[SOLVED] Shell script to find duplicate files and old files

maheshs97 · 08-02-2016, 11:52 AM

Hi All,

I need to clean up our storage. For that, I want to have a shell script to find duplicate file and/or files with modification date more than 2 years.

Please help me for this.

Regards,
Mahesh.S

TB0ne · 08-02-2016, 11:59 AM

Quote:

Originally Posted by maheshs97

Hi All,
I need to clean up our storage. For that, I want to have a shell script to find duplicate file and/or files with modification date more than 2 years. Please help me for this.

We will be glad to HELP you with this. So start by posting what YOU have personally done/tried/written, and tell us where you're stuck. But don't ask for handouts...we will not write your scripts for you. Read the "Question Guidelines" link in my posting signature.

There are THOUSANDS of easily-found bash scripting tutorials you can find with a brief Google search...many that do things similar to what you're asking. Start there.

jamison20000e · 08-02-2016, 12:05 PM

Hi.

Try Fslint http://www.pixelbeat.org/fslint/
and the end of my signature has a link for more specifics at the CLI &c...

have fun!

Sefyir · 08-02-2016, 01:01 PM

Quote:

Originally Posted by maheshs97

files with modification date more than 2 years.

The find command is good for this

Code:

       -mtime n
              File's  data was last modified n*24 hours ago.  See the comments
              for -atime to understand how rounding affects the interpretation
              of file modification times.

Habitual · 08-02-2016, 05:14 PM

Welcome to LQ!
Make friends, show us your code.

chrism01 · 08-05-2016, 03:01 AM

As per Sefyir, 'find' for old files.
For 'same' consider whether you mean the same name (need a script) or the same content (try a hashsum eg md5sum)

rnturn · 10-18-2016, 09:08 AM

Quote:

Originally Posted by maheshs97

Hi All,

I need to clean up our storage. For that, I want to have a shell script to find duplicate file and/or files with modification date more than 2 years.

I'm not going to write your script for you but I'll offer a few hints -- and maybe a few code snippets -- to get you started.

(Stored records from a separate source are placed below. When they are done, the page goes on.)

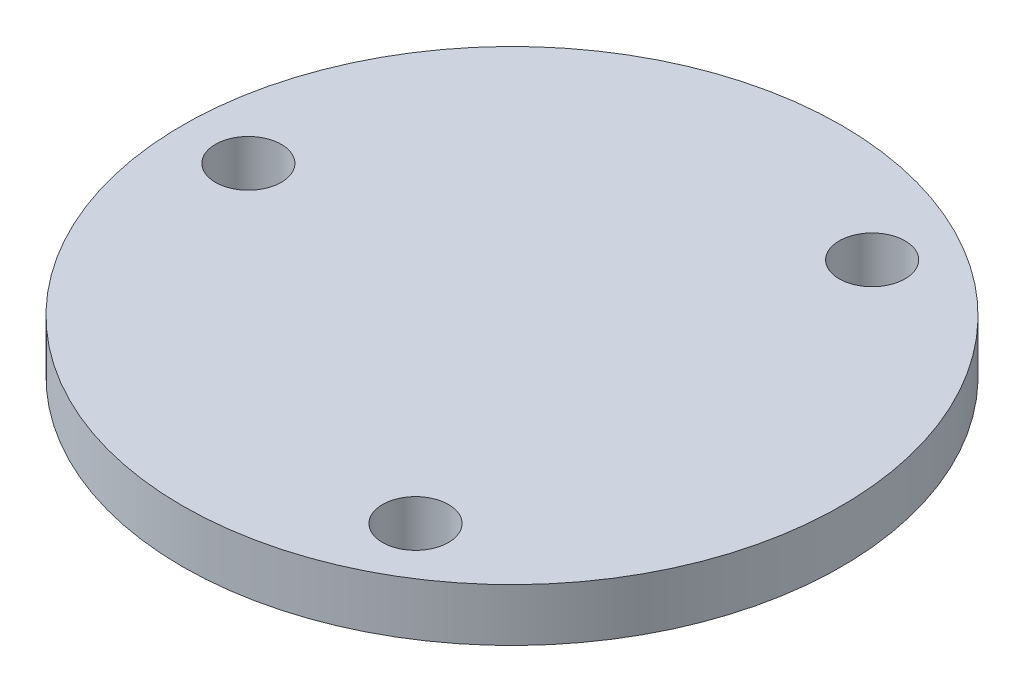
ISO-10303-21;
HEADER;
FILE_DESCRIPTION(('STEP AP214'),'2;1');
FILE_NAME('part.step','',(''),(''),'','','');
FILE_SCHEMA(('AUTOMOTIVE_DESIGN { 1 0 10303 214 1 1 1 1 }'));
ENDSEC;
DATA;
#1=APPLICATION_CONTEXT('core data for automotive mechanical design processes');
#2=APPLICATION_PROTOCOL_DEFINITION('international standard','automotive_design',2000,#1);
#3=PRODUCT_CONTEXT('',#1,'mechanical');
#4=PRODUCT('Part','Part','',(#3));
#5=PRODUCT_RELATED_PRODUCT_CATEGORY('part','',(#4));
#6=PRODUCT_DEFINITION_FORMATION('','',#4);
#7=PRODUCT_DEFINITION_CONTEXT('part definition',#1,'design');
#8=PRODUCT_DEFINITION('design','',#6,#7);
#9=PRODUCT_DEFINITION_SHAPE('','',#8);
#10=(LENGTH_UNIT() NAMED_UNIT(*) SI_UNIT(.MILLI.,.METRE.));
#11=(NAMED_UNIT(*) PLANE_ANGLE_UNIT() SI_UNIT($,.RADIAN.));
#12=(NAMED_UNIT(*) SI_UNIT($,.STERADIAN.) SOLID_ANGLE_UNIT());
#13=UNCERTAINTY_MEASURE_WITH_UNIT(LENGTH_MEASURE(1.E-05),#10,'distance_accuracy_value','');
#14=(GEOMETRIC_REPRESENTATION_CONTEXT(3) GLOBAL_UNCERTAINTY_ASSIGNED_CONTEXT((#13)) GLOBAL_UNIT_ASSIGNED_CONTEXT((#10,
#11,#12)) REPRESENTATION_CONTEXT('',''));
#15=CARTESIAN_POINT('',(0.,0.,0.));
#16=DIRECTION('',(0.,0.,1.));
#17=DIRECTION('',(1.,0.,0.));
#18=AXIS2_PLACEMENT_3D('',#15,#16,#17);
#19=CARTESIAN_POINT('',(0.,1.6,0.));
#20=DIRECTION('',(0.,1.,0.));
#21=DIRECTION('',(0.,0.,1.));
#22=AXIS2_PLACEMENT_3D('',#19,#20,#21);
#23=PLANE('',#22);
#24=CARTESIAN_POINT('',(3.99999999999998,1.6,-6.92820323027552));
#25=DIRECTION('',(0.,1.,0.));
#26=DIRECTION('',(0.,0.,1.));
#27=AXIS2_PLACEMENT_3D('',#24,#25,#26);
#28=CIRCLE('',#27,0.999999999999999);
#29=CARTESIAN_POINT('',(3.99999999999998,1.6,-5.92820323027552));
#30=VERTEX_POINT('',#29);
#31=EDGE_CURVE('E56',#30,#30,#28,.T.);
#32=ORIENTED_EDGE('',*,*,#31,.F.);
#33=EDGE_LOOP('',(#32));
#34=FACE_BOUND('',#33,.T.);
#35=CARTESIAN_POINT('',(0.,1.6,0.));
#36=DIRECTION('',(0.,1.,0.));
#37=DIRECTION('',(0.,0.,1.));
#38=AXIS2_PLACEMENT_3D('',#35,#36,#37);
#39=CIRCLE('',#38,10.);
#40=CARTESIAN_POINT('',(0.,1.6,10.));
#41=VERTEX_POINT('',#40);
#42=EDGE_CURVE('E10',#41,#41,#39,.T.);
#43=ORIENTED_EDGE('',*,*,#42,.T.);
#44=EDGE_LOOP('',(#43));
#45=FACE_BOUND('',#44,.T.);
#46=CARTESIAN_POINT('',(-8.,1.6,0.));
#47=DIRECTION('',(0.,1.,0.));
#48=DIRECTION('',(0.,0.,1.));
#49=AXIS2_PLACEMENT_3D('',#46,#47,#48);
#50=CIRCLE('',#49,1.);
#51=CARTESIAN_POINT('',(-8.,1.6,1.));
#52=VERTEX_POINT('',#51);
#53=EDGE_CURVE('E50',#52,#52,#50,.T.);
#54=ORIENTED_EDGE('',*,*,#53,.F.);
#55=EDGE_LOOP('',(#54));
#56=FACE_BOUND('',#55,.T.);
#57=CARTESIAN_POINT('',(3.99999999999999,1.6,6.92820323027552));
#58=DIRECTION('',(0.,1.,0.));
#59=DIRECTION('',(0.,0.,1.));
#60=AXIS2_PLACEMENT_3D('',#57,#58,#59);
#61=CIRCLE('',#60,1.);
#62=CARTESIAN_POINT('',(3.99999999999999,1.6,7.92820323027552));
#63=VERTEX_POINT('',#62);
#64=EDGE_CURVE('E64',#63,#63,#61,.T.);
#65=ORIENTED_EDGE('',*,*,#64,.F.);
#66=EDGE_LOOP('',(#65));
#67=FACE_BOUND('',#66,.T.);
#68=ADVANCED_FACE('F37',(#34,#45,#56,#67),#23,.T.);
#69=CARTESIAN_POINT('',(0.,0.,0.));
#70=DIRECTION('',(0.,1.,0.));
#71=DIRECTION('',(0.,0.,1.));
#72=AXIS2_PLACEMENT_3D('',#69,#70,#71);
#73=PLANE('',#72);
#74=CARTESIAN_POINT('',(0.,0.,0.));
#75=DIRECTION('',(0.,1.,0.));
#76=DIRECTION('',(0.,0.,1.));
#77=AXIS2_PLACEMENT_3D('',#74,#75,#76);
#78=CIRCLE('',#77,10.);
#79=CARTESIAN_POINT('',(0.,0.,10.));
#80=VERTEX_POINT('',#79);
#81=EDGE_CURVE('E41',#80,#80,#78,.T.);
#82=ORIENTED_EDGE('',*,*,#81,.F.);
#83=EDGE_LOOP('',(#82));
#84=FACE_BOUND('',#83,.T.);
#85=CARTESIAN_POINT('',(-8.,0.,0.));
#86=DIRECTION('',(0.,1.,0.));
#87=DIRECTION('',(0.,0.,1.));
#88=AXIS2_PLACEMENT_3D('',#85,#86,#87);
#89=CIRCLE('',#88,1.);
#90=CARTESIAN_POINT('',(-8.,0.,1.));
#91=VERTEX_POINT('',#90);
#92=EDGE_CURVE('E52',#91,#91,#89,.T.);
#93=ORIENTED_EDGE('',*,*,#92,.T.);
#94=EDGE_LOOP('',(#93));
#95=FACE_BOUND('',#94,.T.);
#96=CARTESIAN_POINT('',(3.99999999999998,0.,-6.92820323027552));
#97=DIRECTION('',(0.,1.,0.));
#98=DIRECTION('',(0.,0.,1.));
#99=AXIS2_PLACEMENT_3D('',#96,#97,#98);
#100=CIRCLE('',#99,0.999999999999999);
#101=CARTESIAN_POINT('',(3.99999999999998,0.,-5.92820323027552));
#102=VERTEX_POINT('',#101);
#103=EDGE_CURVE('E60',#102,#102,#100,.T.);
#104=ORIENTED_EDGE('',*,*,#103,.T.);
#105=EDGE_LOOP('',(#104));
#106=FACE_BOUND('',#105,.T.);
#107=CARTESIAN_POINT('',(3.99999999999999,0.,6.92820323027552));
#108=DIRECTION('',(0.,1.,0.));
#109=DIRECTION('',(0.,0.,1.));
#110=AXIS2_PLACEMENT_3D('',#107,#108,#109);
#111=CIRCLE('',#110,1.);
#112=CARTESIAN_POINT('',(3.99999999999999,0.,7.92820323027552));
#113=VERTEX_POINT('',#112);
#114=EDGE_CURVE('E68',#113,#113,#111,.T.);
#115=ORIENTED_EDGE('',*,*,#114,.T.);
#116=EDGE_LOOP('',(#115));
#117=FACE_BOUND('',#116,.T.);
#118=ADVANCED_FACE('F80',(#84,#95,#106,#117),#73,.F.);
#119=CARTESIAN_POINT('',(0.,1.6,0.));
#120=DIRECTION('',(0.,-1.,0.));
#121=DIRECTION('',(0.,0.,-1.));
#122=AXIS2_PLACEMENT_3D('',#119,#120,#121);
#123=CYLINDRICAL_SURFACE('',#122,10.);
#124=ORIENTED_EDGE('',*,*,#42,.F.);
#125=EDGE_LOOP('',(#124));
#126=FACE_BOUND('',#125,.T.);
#127=ORIENTED_EDGE('',*,*,#81,.T.);
#128=EDGE_LOOP('',(#127));
#129=FACE_BOUND('',#128,.T.);
#130=ADVANCED_FACE('F39',(#126,#129),#123,.T.);
#131=CARTESIAN_POINT('',(-8.,1.6,0.));
#132=DIRECTION('',(0.,-1.,0.));
#133=DIRECTION('',(0.,0.,-1.));
#134=AXIS2_PLACEMENT_3D('',#131,#132,#133);
#135=CYLINDRICAL_SURFACE('',#134,1.);
#136=ORIENTED_EDGE('',*,*,#53,.T.);
#137=EDGE_LOOP('',(#136));
#138=FACE_BOUND('',#137,.T.);
#139=ORIENTED_EDGE('',*,*,#92,.F.);
#140=EDGE_LOOP('',(#139));
#141=FACE_BOUND('',#140,.T.);
#142=ADVANCED_FACE('F89',(#138,#141),#135,.F.);
#143=CARTESIAN_POINT('',(3.99999999999998,1.6,-6.92820323027552));
#144=DIRECTION('',(0.,-1.,0.));
#145=DIRECTION('',(0.,0.,-1.));
#146=AXIS2_PLACEMENT_3D('',#143,#144,#145);
#147=CYLINDRICAL_SURFACE('',#146,0.999999999999999);
#148=ORIENTED_EDGE('',*,*,#31,.T.);
#149=EDGE_LOOP('',(#148));
#150=FACE_BOUND('',#149,.T.);
#151=ORIENTED_EDGE('',*,*,#103,.F.);
#152=EDGE_LOOP('',(#151));
#153=FACE_BOUND('',#152,.T.);
#154=ADVANCED_FACE('F92',(#150,#153),#147,.F.);
#155=CARTESIAN_POINT('',(3.99999999999999,1.6,6.92820323027552));
#156=DIRECTION('',(0.,-1.,0.));
#157=DIRECTION('',(0.,0.,-1.));
#158=AXIS2_PLACEMENT_3D('',#155,#156,#157);
#159=CYLINDRICAL_SURFACE('',#158,1.);
#160=ORIENTED_EDGE('',*,*,#64,.T.);
#161=EDGE_LOOP('',(#160));
#162=FACE_BOUND('',#161,.T.);
#163=ORIENTED_EDGE('',*,*,#114,.F.);
#164=EDGE_LOOP('',(#163));
#165=FACE_BOUND('',#164,.T.);
#166=ADVANCED_FACE('F76',(#162,#165),#159,.F.);
#167=CLOSED_SHELL('',(#68,#118,#130,#142,#154,#166));
#168=MANIFOLD_SOLID_BREP('B2',#167);
#169=ADVANCED_BREP_SHAPE_REPRESENTATION('',(#18,#168),#14);
#170=SHAPE_DEFINITION_REPRESENTATION(#9,#169);
ENDSEC;
END-ISO-10303-21;

1.) The "find" command is going to be central to what you're doing. Try:

Code:

find <dir-tree-root> -type f -exec md5suum {} \; > checksum.lis

You'll have a list of checksums and filenames under "<dir-tree-root>" in "checksum.lis"

2.) This won't tell you anything about duplicates. A way to find which checksums show up in checksum.lis multiple times try:

Code:

cat checksum.lis | awk '{print $1}' | sort | uniq -c

This runs the checksum.lis file through "awk" to print the first value in each record (the MD5 checksum), sort them, and run them through "uniq" to get the occurance count. You'll be interested in checksums that appear more than once. What I would do at this point is re-run the above string of commands but pipe it through grep to find these:

Code:

<cat checksum.lis | blah blah | uniq -c> | grep -v " 1 "

This'll get you a list of checksums preceded by the number of times they were found -- except those that were only found once. If you pipe this string of commands through awk, you can obtain just the checksums and save those in a file, say "duplicate_checksums.lis".

3.) Then use

Code:

grep -f duplicate_checksums.lis checksum.lis

which will display the records in the original checksum/file listing that contained the duplicate checksums found. From that list you can do whatever you need to do with the duplicates.

If you plan on having to do this frequently or on multiple systems, it shouldn't be too hard to combine all of the above into a shell script that automates the process.

Note 1: Don't forget that you probably want to keep one copy of the duplicate files found above.

Note 2: What I tend to do when I embark on a cleanup like this is to wrap the cleanup code with something like:

Code:

TESTING="Y"
.
.
.
cat files_to_remove.lis | while read FILE; do
if [ "$TESTING" == "Y" ]; then
    echo "Testing: Not removing file: $FILE"
else
    rm $FILE
fi

Run it this way, observe the output and, if it looks OK, change TESTING to "N", and re-run.

4.) Extending this to include only files that are 2 years old and older should be fairly simple after you read the find(1) manpage (hint: `-mtime'). Also, be careful not to remove just any files that are older than some arbitrary number of days. You might accidentally clobber application files -- or operating system files -- some of which might be rarely changed and have old datestamps on them.

5.) You have done a backup of the filesystems you're planning on cleaning and know that these backups are correct/usable, right?